The result for Local Moran’s I map above display hotspots (brighter color) meaning high crime rate surrounded by other high-crime areas, which is in the city center. For P-Value map and significant hotspots, we will talk about that further.
This information is useful to realize that a model needs to be generalizable therefore it can predict equally well in the hotspots and in the coldspots. We can see from assaults count map and significant hotspots that they align which means a possible good generalization.
final_net.nb <- poly2nb(as_Spatial(final_net), queen=TRUE)
final_net.weights <- nb2listw(final_net.nb, style="W", zero.policy=TRUE)
print(final_net.weights, zero.policy=TRUE)
local_morans <- localmoran(final_net$countAssaults, final_net.weights, zero.policy=TRUE) %>% as.data.frame()
# join local Moran's I results to fishnet
final_net.localMorans <-
cbind(local_morans, as.data.frame(final_net)) %>%
st_sf() %>%
dplyr::select(Assaults_Count = countAssaults,
Local_Morans_I = Ii,
P_Value = `Pr(z != E(Ii))`) %>%
mutate(Significant_Hotspots = ifelse(P_Value <= 0.001, 1, 0)) %>%
gather(Variable, Value, -geometry)
vars <- unique(final_net.localMorans$Variable)
varList <- list()
for(i in vars){
varList[[i]] <-
ggplot() +
geom_sf(data = filter(final_net.localMorans, Variable == i),
aes(fill = Value), colour=NA) +
scale_fill_viridis(option = "plasma", name="") +
labs(title=i) +
mapTheme() + theme(legend.position="bottom")}
do.call(grid.arrange,c(varList, ncol = 4, top = "Local Morans I statistics, Assaults"))
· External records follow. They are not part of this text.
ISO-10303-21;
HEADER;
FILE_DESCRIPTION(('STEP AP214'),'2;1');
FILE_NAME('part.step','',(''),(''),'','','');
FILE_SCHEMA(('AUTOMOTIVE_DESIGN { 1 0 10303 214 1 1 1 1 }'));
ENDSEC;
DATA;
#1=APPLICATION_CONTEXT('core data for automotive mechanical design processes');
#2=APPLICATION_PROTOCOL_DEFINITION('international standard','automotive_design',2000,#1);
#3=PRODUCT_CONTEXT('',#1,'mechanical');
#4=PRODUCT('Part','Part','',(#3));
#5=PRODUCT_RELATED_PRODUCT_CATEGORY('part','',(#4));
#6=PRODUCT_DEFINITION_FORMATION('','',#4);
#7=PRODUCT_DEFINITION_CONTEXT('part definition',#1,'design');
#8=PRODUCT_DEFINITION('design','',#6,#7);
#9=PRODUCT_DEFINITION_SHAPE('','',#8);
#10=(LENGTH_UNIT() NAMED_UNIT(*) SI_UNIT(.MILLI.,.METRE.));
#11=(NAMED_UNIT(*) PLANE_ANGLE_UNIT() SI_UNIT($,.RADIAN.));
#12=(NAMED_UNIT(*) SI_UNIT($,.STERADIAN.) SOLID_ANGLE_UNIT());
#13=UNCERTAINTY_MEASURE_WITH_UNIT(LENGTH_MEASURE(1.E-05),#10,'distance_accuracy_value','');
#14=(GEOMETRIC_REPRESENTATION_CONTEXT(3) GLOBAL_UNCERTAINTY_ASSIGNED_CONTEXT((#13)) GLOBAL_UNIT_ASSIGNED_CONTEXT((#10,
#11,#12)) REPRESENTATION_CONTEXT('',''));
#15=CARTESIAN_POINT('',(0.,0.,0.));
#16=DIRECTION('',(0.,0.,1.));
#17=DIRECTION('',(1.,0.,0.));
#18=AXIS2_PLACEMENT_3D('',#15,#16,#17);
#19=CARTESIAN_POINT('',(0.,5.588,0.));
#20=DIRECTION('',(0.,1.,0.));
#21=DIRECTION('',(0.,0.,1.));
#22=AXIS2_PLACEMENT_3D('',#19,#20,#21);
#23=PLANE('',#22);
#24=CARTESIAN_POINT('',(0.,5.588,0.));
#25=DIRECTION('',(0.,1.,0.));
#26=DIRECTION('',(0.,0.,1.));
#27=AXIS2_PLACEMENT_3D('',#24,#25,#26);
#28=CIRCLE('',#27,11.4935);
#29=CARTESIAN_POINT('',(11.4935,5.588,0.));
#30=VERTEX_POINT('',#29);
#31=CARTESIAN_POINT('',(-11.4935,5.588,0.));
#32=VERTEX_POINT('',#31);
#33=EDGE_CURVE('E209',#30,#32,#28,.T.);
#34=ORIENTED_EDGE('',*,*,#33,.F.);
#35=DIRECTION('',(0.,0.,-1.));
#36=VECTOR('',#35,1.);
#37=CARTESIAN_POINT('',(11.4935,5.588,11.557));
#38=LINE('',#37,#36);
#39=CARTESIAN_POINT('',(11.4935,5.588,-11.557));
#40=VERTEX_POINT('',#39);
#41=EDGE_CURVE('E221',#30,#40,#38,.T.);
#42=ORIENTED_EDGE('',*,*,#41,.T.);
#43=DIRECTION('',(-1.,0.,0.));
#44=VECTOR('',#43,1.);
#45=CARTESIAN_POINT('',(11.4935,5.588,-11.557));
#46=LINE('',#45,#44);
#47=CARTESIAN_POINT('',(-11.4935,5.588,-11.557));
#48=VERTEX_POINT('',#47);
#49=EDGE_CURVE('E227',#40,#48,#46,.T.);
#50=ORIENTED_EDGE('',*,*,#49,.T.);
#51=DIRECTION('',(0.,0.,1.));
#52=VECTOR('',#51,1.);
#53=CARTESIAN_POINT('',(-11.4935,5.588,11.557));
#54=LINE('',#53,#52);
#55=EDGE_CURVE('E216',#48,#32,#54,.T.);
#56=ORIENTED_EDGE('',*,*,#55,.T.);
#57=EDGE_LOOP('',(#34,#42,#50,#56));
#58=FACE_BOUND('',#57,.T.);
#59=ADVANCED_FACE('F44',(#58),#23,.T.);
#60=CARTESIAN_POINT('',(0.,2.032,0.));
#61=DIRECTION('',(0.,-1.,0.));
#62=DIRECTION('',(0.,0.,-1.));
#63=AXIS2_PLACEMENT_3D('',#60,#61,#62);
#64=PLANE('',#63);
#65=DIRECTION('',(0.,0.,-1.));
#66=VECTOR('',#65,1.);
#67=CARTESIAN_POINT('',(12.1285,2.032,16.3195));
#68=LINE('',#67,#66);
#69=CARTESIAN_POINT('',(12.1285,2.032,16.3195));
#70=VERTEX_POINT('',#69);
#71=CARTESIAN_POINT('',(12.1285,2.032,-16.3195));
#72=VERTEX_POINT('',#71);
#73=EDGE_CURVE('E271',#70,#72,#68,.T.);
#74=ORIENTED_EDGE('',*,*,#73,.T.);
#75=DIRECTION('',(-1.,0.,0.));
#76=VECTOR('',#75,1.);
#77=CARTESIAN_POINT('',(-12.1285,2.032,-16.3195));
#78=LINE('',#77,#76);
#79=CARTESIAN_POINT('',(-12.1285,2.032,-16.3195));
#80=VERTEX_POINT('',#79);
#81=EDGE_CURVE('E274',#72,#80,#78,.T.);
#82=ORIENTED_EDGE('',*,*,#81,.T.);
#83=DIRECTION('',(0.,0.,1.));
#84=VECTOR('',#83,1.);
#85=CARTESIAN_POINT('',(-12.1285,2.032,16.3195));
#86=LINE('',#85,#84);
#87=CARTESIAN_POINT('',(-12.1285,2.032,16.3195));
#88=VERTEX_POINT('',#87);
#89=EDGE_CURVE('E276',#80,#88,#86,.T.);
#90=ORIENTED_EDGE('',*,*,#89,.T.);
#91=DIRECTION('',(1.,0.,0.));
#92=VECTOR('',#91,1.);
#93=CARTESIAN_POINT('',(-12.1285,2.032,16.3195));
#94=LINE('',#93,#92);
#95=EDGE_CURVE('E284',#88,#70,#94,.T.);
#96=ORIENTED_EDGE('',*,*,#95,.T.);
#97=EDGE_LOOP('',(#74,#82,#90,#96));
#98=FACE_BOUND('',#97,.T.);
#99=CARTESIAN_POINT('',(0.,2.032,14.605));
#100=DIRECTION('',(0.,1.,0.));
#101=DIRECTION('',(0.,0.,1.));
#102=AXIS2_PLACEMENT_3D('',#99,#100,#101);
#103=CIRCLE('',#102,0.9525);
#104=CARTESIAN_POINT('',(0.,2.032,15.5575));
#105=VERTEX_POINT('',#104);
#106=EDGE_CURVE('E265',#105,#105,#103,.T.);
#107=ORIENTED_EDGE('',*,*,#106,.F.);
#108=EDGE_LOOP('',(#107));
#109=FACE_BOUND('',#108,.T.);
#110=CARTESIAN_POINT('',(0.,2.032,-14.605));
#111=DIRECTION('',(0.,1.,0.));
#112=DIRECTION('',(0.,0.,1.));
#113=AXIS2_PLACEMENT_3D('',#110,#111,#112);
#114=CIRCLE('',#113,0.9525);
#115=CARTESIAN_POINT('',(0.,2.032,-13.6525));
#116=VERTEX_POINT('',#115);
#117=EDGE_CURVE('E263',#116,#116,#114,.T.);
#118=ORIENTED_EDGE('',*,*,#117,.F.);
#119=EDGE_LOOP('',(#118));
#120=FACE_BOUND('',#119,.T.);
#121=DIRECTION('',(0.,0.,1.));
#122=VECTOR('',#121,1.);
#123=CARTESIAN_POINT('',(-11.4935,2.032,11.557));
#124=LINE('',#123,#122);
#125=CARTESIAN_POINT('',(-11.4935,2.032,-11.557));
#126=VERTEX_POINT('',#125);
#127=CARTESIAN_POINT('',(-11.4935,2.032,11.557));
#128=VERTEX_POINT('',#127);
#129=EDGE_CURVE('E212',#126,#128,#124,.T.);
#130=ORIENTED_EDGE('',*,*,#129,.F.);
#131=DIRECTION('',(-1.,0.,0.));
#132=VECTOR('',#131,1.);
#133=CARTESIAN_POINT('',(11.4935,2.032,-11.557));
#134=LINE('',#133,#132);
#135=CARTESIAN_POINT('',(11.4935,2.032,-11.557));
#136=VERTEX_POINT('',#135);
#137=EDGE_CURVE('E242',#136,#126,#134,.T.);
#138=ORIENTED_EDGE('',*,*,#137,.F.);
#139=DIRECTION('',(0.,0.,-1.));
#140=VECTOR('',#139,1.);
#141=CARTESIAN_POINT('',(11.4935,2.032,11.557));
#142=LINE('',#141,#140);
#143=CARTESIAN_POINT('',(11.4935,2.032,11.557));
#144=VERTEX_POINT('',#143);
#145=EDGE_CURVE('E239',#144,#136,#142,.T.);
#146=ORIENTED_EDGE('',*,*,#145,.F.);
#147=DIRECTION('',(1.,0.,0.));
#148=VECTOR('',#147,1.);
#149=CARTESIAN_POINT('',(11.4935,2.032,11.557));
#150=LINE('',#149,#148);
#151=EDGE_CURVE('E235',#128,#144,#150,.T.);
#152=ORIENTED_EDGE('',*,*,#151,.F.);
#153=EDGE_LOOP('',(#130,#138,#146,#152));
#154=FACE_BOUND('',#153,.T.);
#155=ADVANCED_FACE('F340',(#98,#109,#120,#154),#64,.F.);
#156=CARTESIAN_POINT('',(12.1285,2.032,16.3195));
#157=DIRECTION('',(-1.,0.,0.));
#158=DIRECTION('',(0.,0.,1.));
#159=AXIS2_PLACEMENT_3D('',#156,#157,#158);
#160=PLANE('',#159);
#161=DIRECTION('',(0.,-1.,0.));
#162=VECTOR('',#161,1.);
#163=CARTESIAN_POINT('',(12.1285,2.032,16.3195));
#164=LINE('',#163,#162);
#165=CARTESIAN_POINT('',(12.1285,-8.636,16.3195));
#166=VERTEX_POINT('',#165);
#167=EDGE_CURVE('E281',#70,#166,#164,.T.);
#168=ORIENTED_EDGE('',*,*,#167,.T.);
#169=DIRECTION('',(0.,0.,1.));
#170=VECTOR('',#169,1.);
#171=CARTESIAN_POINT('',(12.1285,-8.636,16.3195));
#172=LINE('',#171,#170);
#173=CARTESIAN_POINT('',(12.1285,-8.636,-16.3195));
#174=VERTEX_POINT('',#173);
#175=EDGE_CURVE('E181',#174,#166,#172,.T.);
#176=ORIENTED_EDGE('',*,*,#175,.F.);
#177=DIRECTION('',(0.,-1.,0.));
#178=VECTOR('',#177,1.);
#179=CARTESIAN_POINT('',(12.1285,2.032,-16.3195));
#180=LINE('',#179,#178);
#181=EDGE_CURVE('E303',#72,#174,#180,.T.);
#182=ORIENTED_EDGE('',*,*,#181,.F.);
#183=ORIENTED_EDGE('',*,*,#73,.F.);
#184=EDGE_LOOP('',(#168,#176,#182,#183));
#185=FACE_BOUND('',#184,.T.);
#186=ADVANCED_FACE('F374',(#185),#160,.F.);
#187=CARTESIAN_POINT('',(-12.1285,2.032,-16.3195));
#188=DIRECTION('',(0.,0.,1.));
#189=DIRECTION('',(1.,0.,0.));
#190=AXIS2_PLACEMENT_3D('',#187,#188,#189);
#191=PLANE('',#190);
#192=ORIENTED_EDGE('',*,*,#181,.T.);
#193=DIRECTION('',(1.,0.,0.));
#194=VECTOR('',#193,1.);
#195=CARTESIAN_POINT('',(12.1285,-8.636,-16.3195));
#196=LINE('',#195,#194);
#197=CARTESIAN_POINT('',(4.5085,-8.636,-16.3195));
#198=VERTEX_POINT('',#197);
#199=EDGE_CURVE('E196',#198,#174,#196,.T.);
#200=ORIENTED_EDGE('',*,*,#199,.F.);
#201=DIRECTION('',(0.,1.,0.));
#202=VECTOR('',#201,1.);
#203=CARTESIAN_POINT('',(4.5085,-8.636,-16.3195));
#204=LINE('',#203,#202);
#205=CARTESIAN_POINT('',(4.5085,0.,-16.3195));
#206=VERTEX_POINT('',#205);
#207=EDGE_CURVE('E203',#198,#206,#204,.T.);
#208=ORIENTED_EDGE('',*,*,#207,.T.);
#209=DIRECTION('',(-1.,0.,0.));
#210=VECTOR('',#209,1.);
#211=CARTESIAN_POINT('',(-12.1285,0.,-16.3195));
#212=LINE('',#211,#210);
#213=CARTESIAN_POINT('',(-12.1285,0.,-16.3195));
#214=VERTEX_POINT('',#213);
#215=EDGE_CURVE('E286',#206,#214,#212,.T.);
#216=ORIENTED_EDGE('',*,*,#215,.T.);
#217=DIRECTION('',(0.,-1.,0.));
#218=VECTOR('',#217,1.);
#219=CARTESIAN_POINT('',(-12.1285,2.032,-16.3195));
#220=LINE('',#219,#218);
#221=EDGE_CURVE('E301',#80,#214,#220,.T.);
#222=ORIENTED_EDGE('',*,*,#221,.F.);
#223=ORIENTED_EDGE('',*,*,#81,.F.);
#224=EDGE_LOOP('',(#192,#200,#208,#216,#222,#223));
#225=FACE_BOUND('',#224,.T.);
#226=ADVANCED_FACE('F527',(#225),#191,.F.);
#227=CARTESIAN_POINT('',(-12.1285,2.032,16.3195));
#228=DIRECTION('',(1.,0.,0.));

We distribute the significance which is shown by the p-value to 4 different categories. For the p-value nearing 0.1, the significant hotspots increase. This means that more hotspots are insignificant with the clusters and the observed local Moran’s I statistic is likely due to random chance.
final_net.localMoransbypval <-
cbind(local_morans, as.data.frame(final_net)) %>%
st_sf() %>%
dplyr::select(Assaults_Count = countAssaults,
Local_Morans_I = Ii,
P_Value = `Pr(z != E(Ii))`) %>%
mutate(Significant_Hotspots0.1 = ifelse(P_Value <= 0.1 , 1, 0)) %>%
mutate(Significant_Hotspots0.001 = ifelse(P_Value <= 0.001 , 1, 0)) %>%
mutate(Significant_Hotspots0.00001 = ifelse(P_Value <= 0.00001 , 1, 0)) %>%
mutate(Significant_Hotspots0.0000001 = ifelse(P_Value <= 0.0000001, 1, 0)) %>%
gather(Variable, Value, -geometry)
final_net.localMoransbypval <- subset(final_net.localMoransbypval, grepl("Significant_Hotspots", Variable))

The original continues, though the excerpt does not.